Grilled lamb skewers with pistachio butter

Prep time 20 mins

Cook 15 mins

Makes 12 skewers

3

"We have the most wonderful butchers that look after us at the bar and one of my favourite things they do are arrosticinis, traditional lamb skewer typically made in Abruzzo, which is where one of our butcher’s grew up," says Jemma Whiteman of ANTE. "We fill the grill with these tasty morsels on a busy night, the smell is amazing! The roasted pistachios add such a great depth of flavour when combined with the sticky tare it tastes almost like miso."

1kg boneless lamb neck, with the fat on
12 wooden skewers, soaked in water overnight 

Olive oil for brushing.
200g unsalted butter, soften to room temperature 

130g pistachios, roasted, skins rubbed off
1 tsp salt
1 lemon, cut into wedges to serve


TARE

1/3 cup light soy sauce 

120ml water

2 tbsp mirin
2 tbsp sake
1 tbsp sugar
2 tablespoons honey



1. Dice the lamb neck into pieces approximately 2cm in size. Thread the lamb pieces onto the skewers, roughly 80g per skewer. Brush with olive oil and season well with salt. Pour all tare ingredients into a small saucepan and bring to the boil, turn the heat low and let reduce slowly until it has reduced by half. Set aside until it is time to grill the skewers.

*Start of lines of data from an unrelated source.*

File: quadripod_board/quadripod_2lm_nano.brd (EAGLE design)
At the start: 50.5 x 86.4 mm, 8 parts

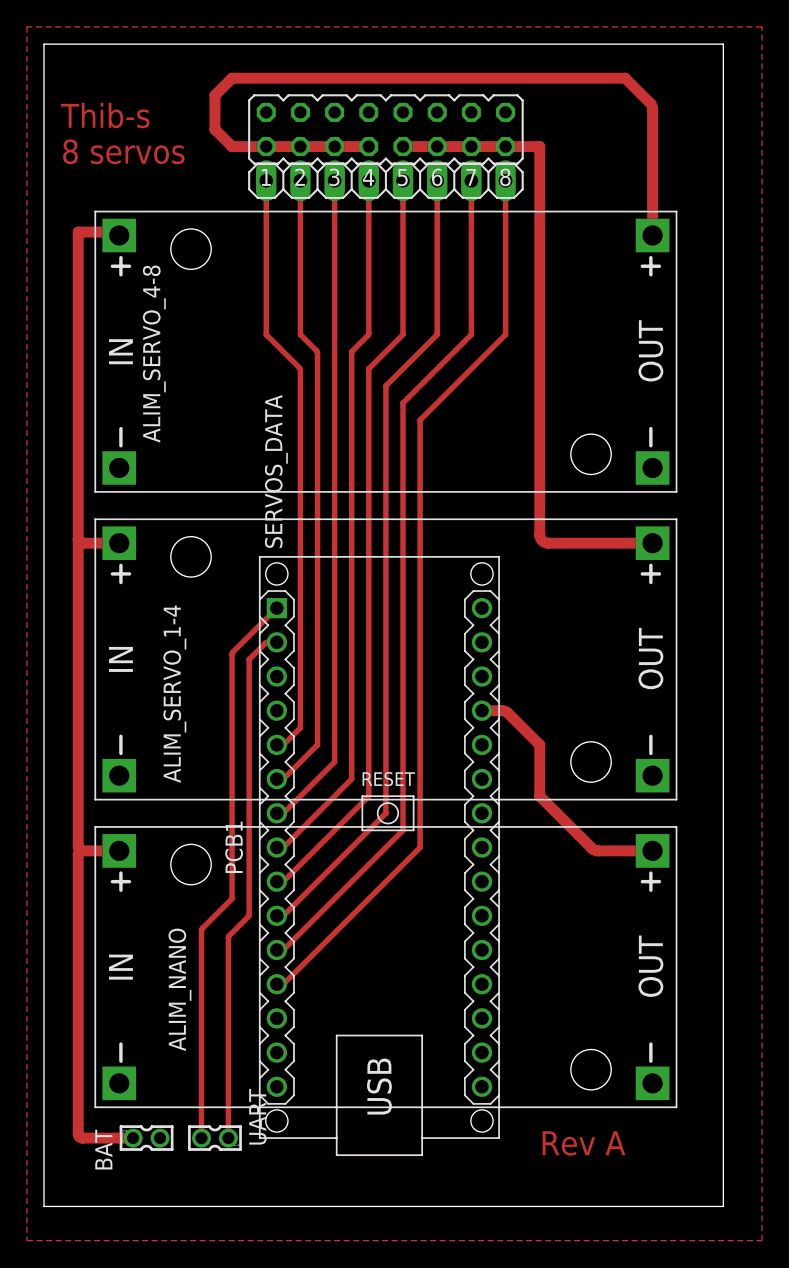
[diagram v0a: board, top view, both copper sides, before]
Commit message: board revision, added diodes to avoid powering the servos while programming the arduino
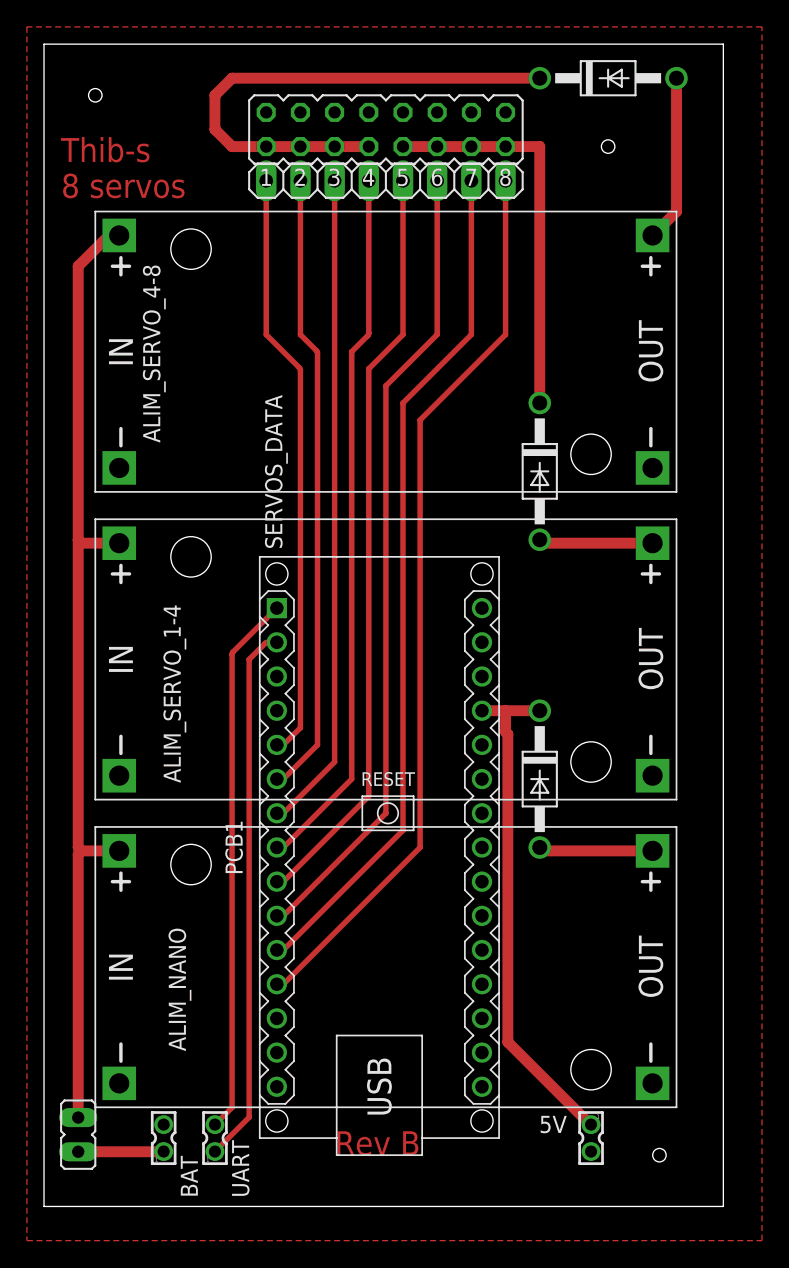
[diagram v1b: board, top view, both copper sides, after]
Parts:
- added 5V: (no value), con-garry:332-02
- added D1, D2, D3: 1N4004, diode:DO41-10
- added JP1: (no value), jumper:JP1
- moved BAT 1.27 mm to (14.0, 2.54), turned to 0 degrees
- turned UART to 0 degrees
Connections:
- new net N$1: ALIM_SERVO_4-8.OUT+, D3.A
- new net N$15: ALIM_NANO.IN+, ALIM_SERVO_1-4.IN+, ALIM_SERVO_4-8.IN+, JP1.2
- new net N$3: 5V.1, D2.C, PCB1.J2.4
- new net N$4: ALIM_SERVO_1-4.OUT+, D1.A
- net +12V: now also JP1.1; no longer ALIM_NANO.IN+, ALIM_SERVO_1-4.IN+, ALIM_SERVO_4-8.IN+
- net 5V_NANO: now also D2.A; no longer PCB1.J2.4
- net 5V_S1-4: now also D3.C; no longer ALIM_SERVO_4-8.OUT+
- net 5V_S5-8: now also D1.C; no longer ALIM_SERVO_1-4.OUT+
- net GND: now also 5V.2
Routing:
- net +12V: track 80.5 -> 6.36 mm
- net N$15: track 0.00 -> 73.4 mm
- net N$3: track 0.00 -> 37.8 mm
- net 5V_S1-4: track 58.0 -> 39.2 mm
- net 5V_S5-8: track 47.6 -> 29.2 mm
- net N$1: track 0.00 -> 12.4 mm
- net 5V_NANO: track 19.1 -> 8.49 mm
- net N$4: track 0.00 -> 8.49 mm
- net N$13: track 38.7 -> 40.2 mm
- net N$14: track 41.7 -> 40.3 mm
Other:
- board text added: "Rev B"
- board text removed: "Rev A"

2. To make the pistachio butter, pound 80g pistachio nuts in a mortar and pestle until it forms a smooth paste. Whip the softened butter in a mixer with the paddle attachment until it becomes lighter and creamier then add in pistachio paste and season with 1 teaspoon salt. Keep at room temp to brush over the lamb. Chop remaining pistachios to use as garnish.


3. Heat a charcoal grilll or barbecue or chargrill plate until nice and hot. Grill the skewers, turning every so often to caramelise evenly on all sides. Brush with tare during the last few minutes of cooking until the lamb is nice and sticky. Let the lamb skewers sit and rest for a moment before brushing very liberally with the soft pistachio butter.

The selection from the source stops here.